With the new soap I am doing, In The Mood, which is a 6 color swirl, plus white. I use the big solo cups, so I can throw them away


----------



## 2Sticks (Dec 13, 2007)

Vicki,
Can we see it?
Also, sliver on it's way to you


----------



## NubianSoaps.com (Oct 26, 2007)

I will share soon, they are three specialty soaps that are hopefully going to get me into my first big name brand national chain. I am still, at this point, jumping through hoops, but I have had one call back, I changed a few things up and will be seeing them again mid October. It was between myself and two other similar soapers, we were all sitting their together with our displays....I got to watch the group in front of me not get a call back and come out crying....not the weepy kind but boy will I be upset with all this work if I am the one to walk out with the no. It will give me 3 new soaps for my line, but still. It will be life changing, especially who I will beat if I get the nod.


----------



## MF-Alpines (Mar 29, 2010)

Vicki McGaugh Tx Nubians said:


> I will share soon, they are three specialty soaps that are hopefully going to get me into my first big name brand national chain. I am still, at this point, jumping through hoops, but I have had one call back, I changed a few things up and will be seeing them again mid October.
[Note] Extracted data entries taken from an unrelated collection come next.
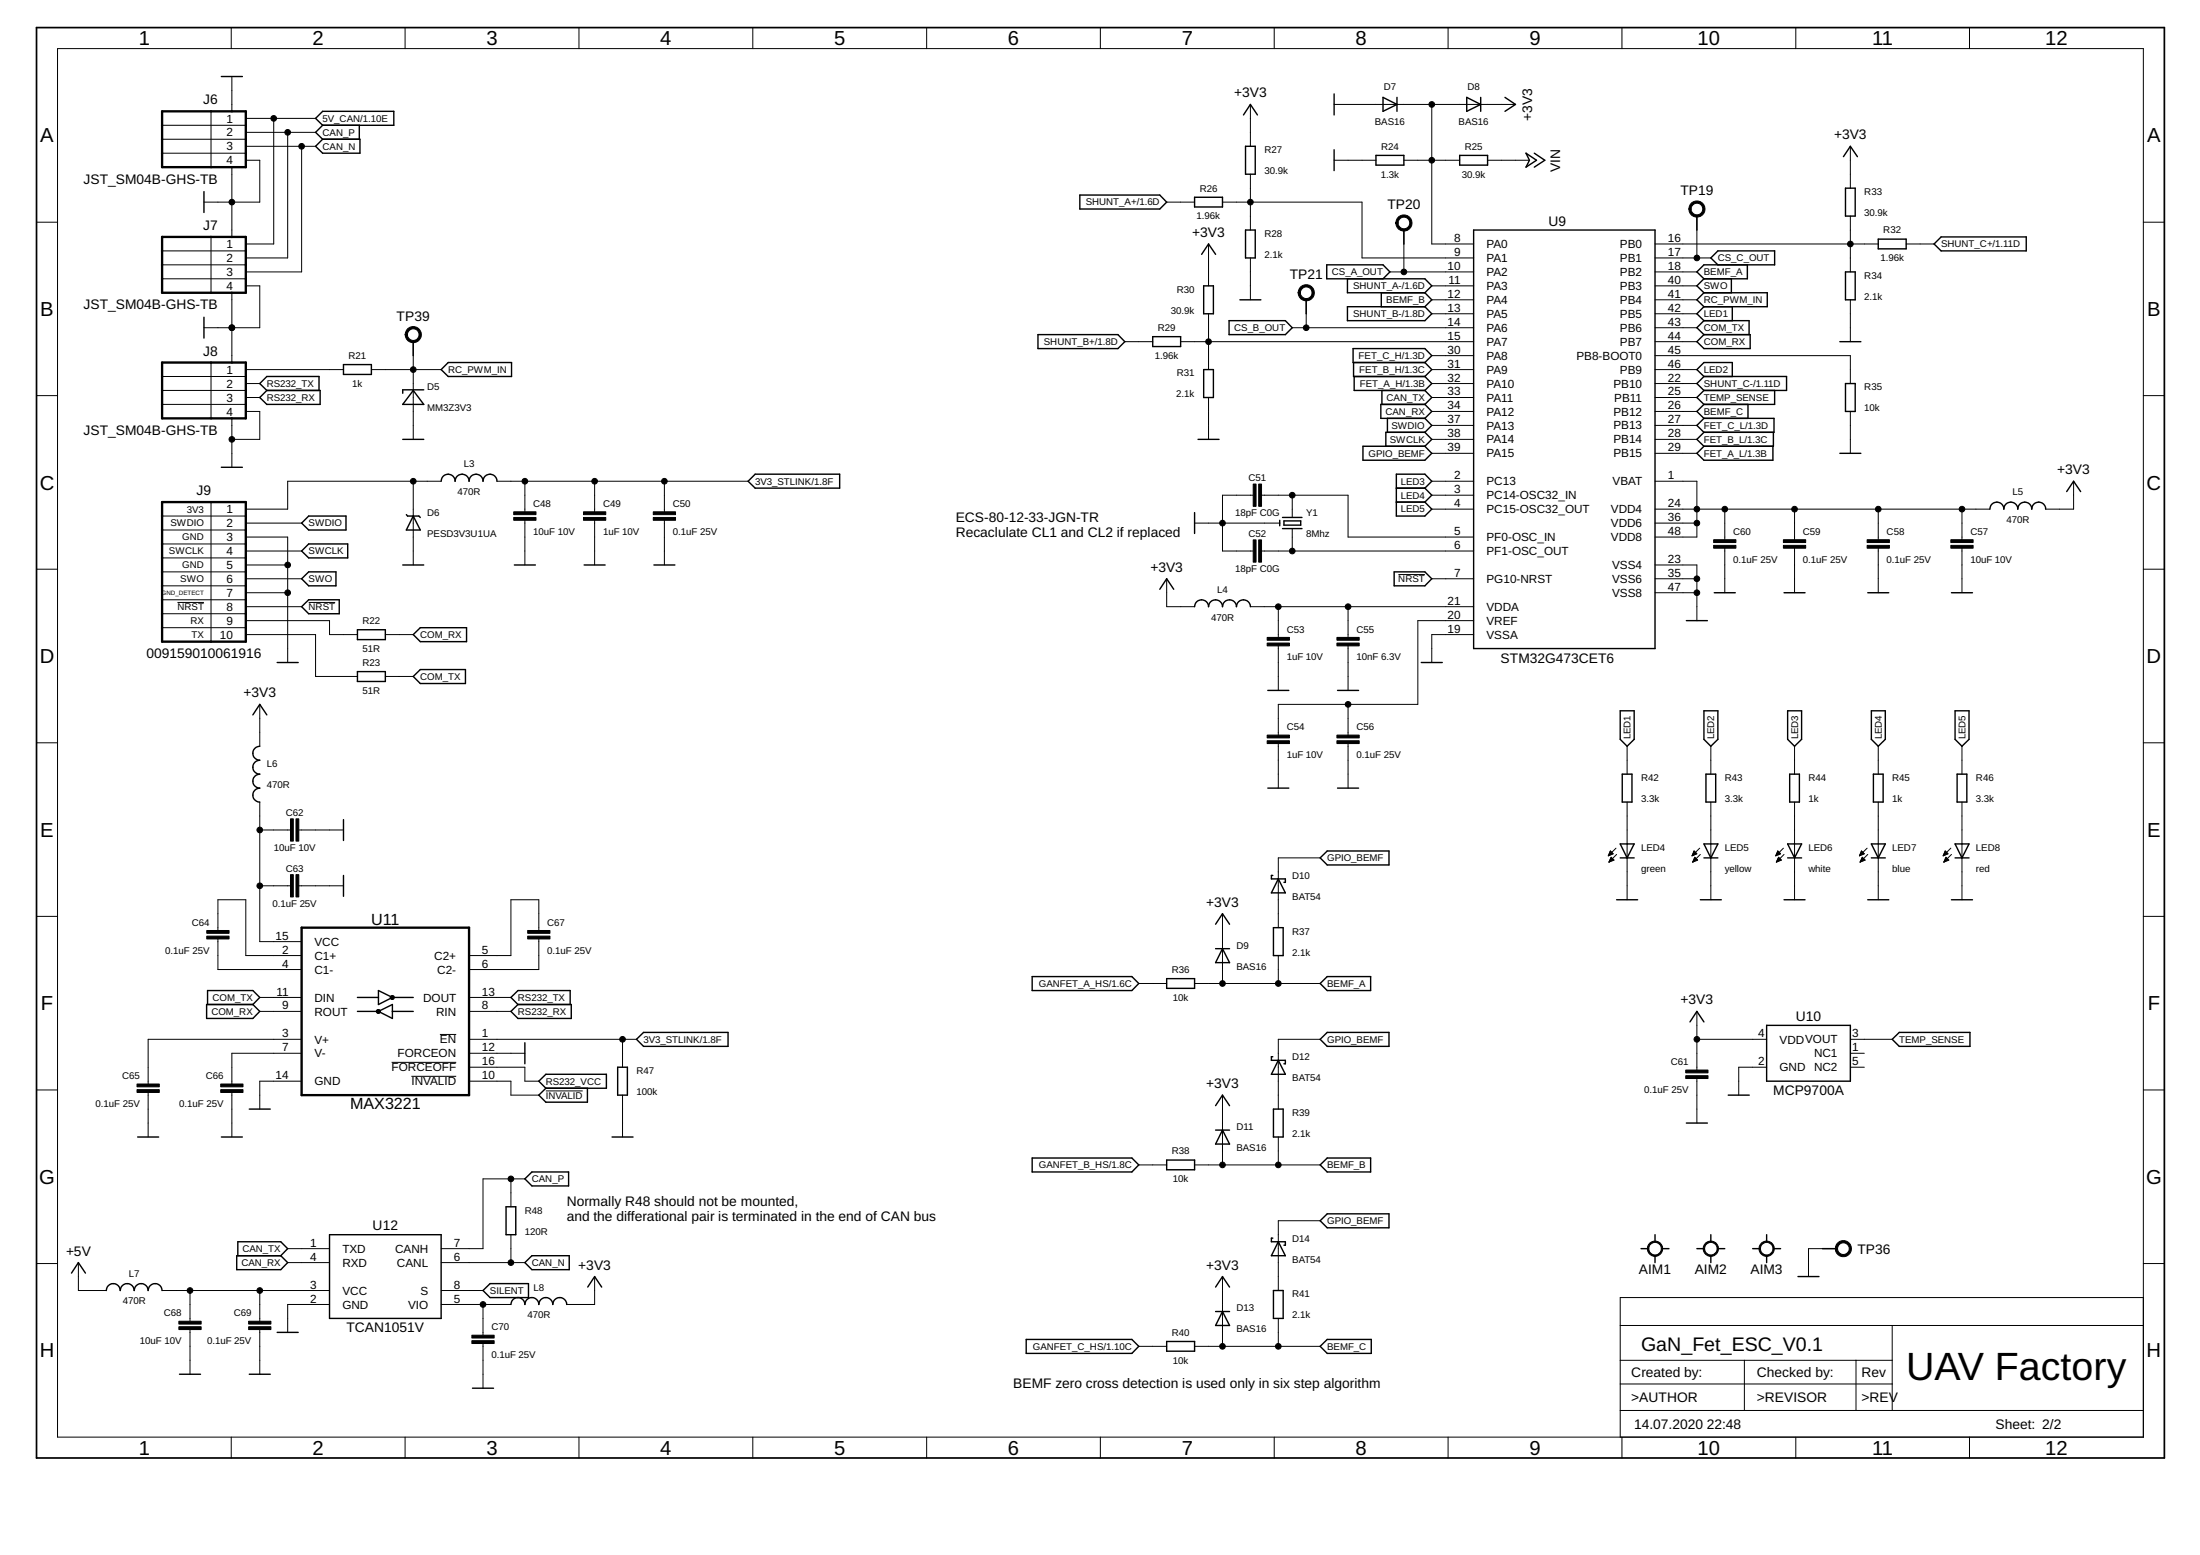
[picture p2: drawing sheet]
<svg xmlns="http://www.w3.org/2000/svg" width="297mm" height="210mm" viewBox="0 0 297 210" stroke-linecap="round" stroke-linejoin="round" font-family="sans-serif">
<g fill="none" stroke="#000" stroke-width=".14">
<path d="M7.8 6.6h281.6v187.4h-281.6zM21.9 16.9h11.3M21.9 18.8h11.3M28.5 15v7.6M31.2 3.7v2.9M31.3 10.3v4.7M33.2 17.9h9.4M33.2 19.7h9.4M33.2 16h9.4M37 16v16.9h-3.8M38.8 17.9v16.9h-5.6M40.7 19.7v17h-7.5"/>
<path d="M54.7 3.7v2.9M78.2 3.7v2.9M101.6 3.7v2.9M125.1 3.7v2.9M148.6 3.7v2.9M168.8 14.1v5.6M172 3.7v2.9M180.1 14.1h24.5M193.3 14.1v18.8h5.7M195.5 3.7v2.9M219 3.7v2.9M242.5 3.7v2.9"/>
<path d="M249.8 19.7v5.7M265.9 3.7v2.9M4.9 30h2.9M21.9 20.7h11.3M21.9 33.9h11.3M21.9 35.8h11.3M21.9 37.6h11.3M28.5 32v7.5M31.3 22.6v9.4M31.3 39.5v9.4M33.2 21.6h1.9v5.7h-7.6M33.2 38.6h1.9v5.6h-7.6"/>
<path d="M157.5 27.3h3.8M163.2 32.9v5.7M165.1 27.3h18.8v7.5h15.1M168.8 23.5v7.6M168.8 34.8v5.7M180.1 21.6h5.7M187.7 36.7h11.3M189.5 21.6h7.6M189.5 31.1v5.6M193.3 38.6h5.7M200.9 21.6h5.6M223.5 32.9h30.1"/>
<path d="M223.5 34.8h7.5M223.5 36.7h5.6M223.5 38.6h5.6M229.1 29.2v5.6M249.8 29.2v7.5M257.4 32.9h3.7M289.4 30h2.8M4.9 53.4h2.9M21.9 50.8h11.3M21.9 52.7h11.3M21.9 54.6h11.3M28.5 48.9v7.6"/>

It was between myself and two other similar soapers, we were all sitting their together with our displays....I got to watch the group in front of me not get a call back and come out crying....not the weepy kind but boy will I be upset with all this work if I am the one to walk out with the no. It will give me 3 new soaps for my line, but still. It will be life changing, especially who I will beat if I get the nod.


Awesome!

:handclap


----------



## Guest (Aug 24, 2012)

Hope you get it Vicki,,,,Well wishes for you on this one...


----------



## hsmomof4 (Oct 31, 2008)

Awesome, Vicki. 

I use plastic measuring cups, the 2 cup size. They have a handle and a spout so that makes for easy pouring. They are not heavy like a pyrex measuring cup that I used to use before, and they won't break like the pyrex might. If I have bigger amounts to color (like for a layered soap) I use a plastic pitcher.


----------



## Anita Martin (Dec 26, 2007)

Oh Vicki, I'd probably pass out from the stress! I hope you get it, that would be absolutely awesome!


----------



## VickiLynne (Feb 8, 2008)

How exciting for you Vicki!

I have some more questions... 

Is there a guideline as to how much raw soap to take out and add color too? 
How much per lb. of soap etc. Or is it just a guess? 
I don't want to color the whole batch just a little splash/swirl. I don't want to take out too much raw soap.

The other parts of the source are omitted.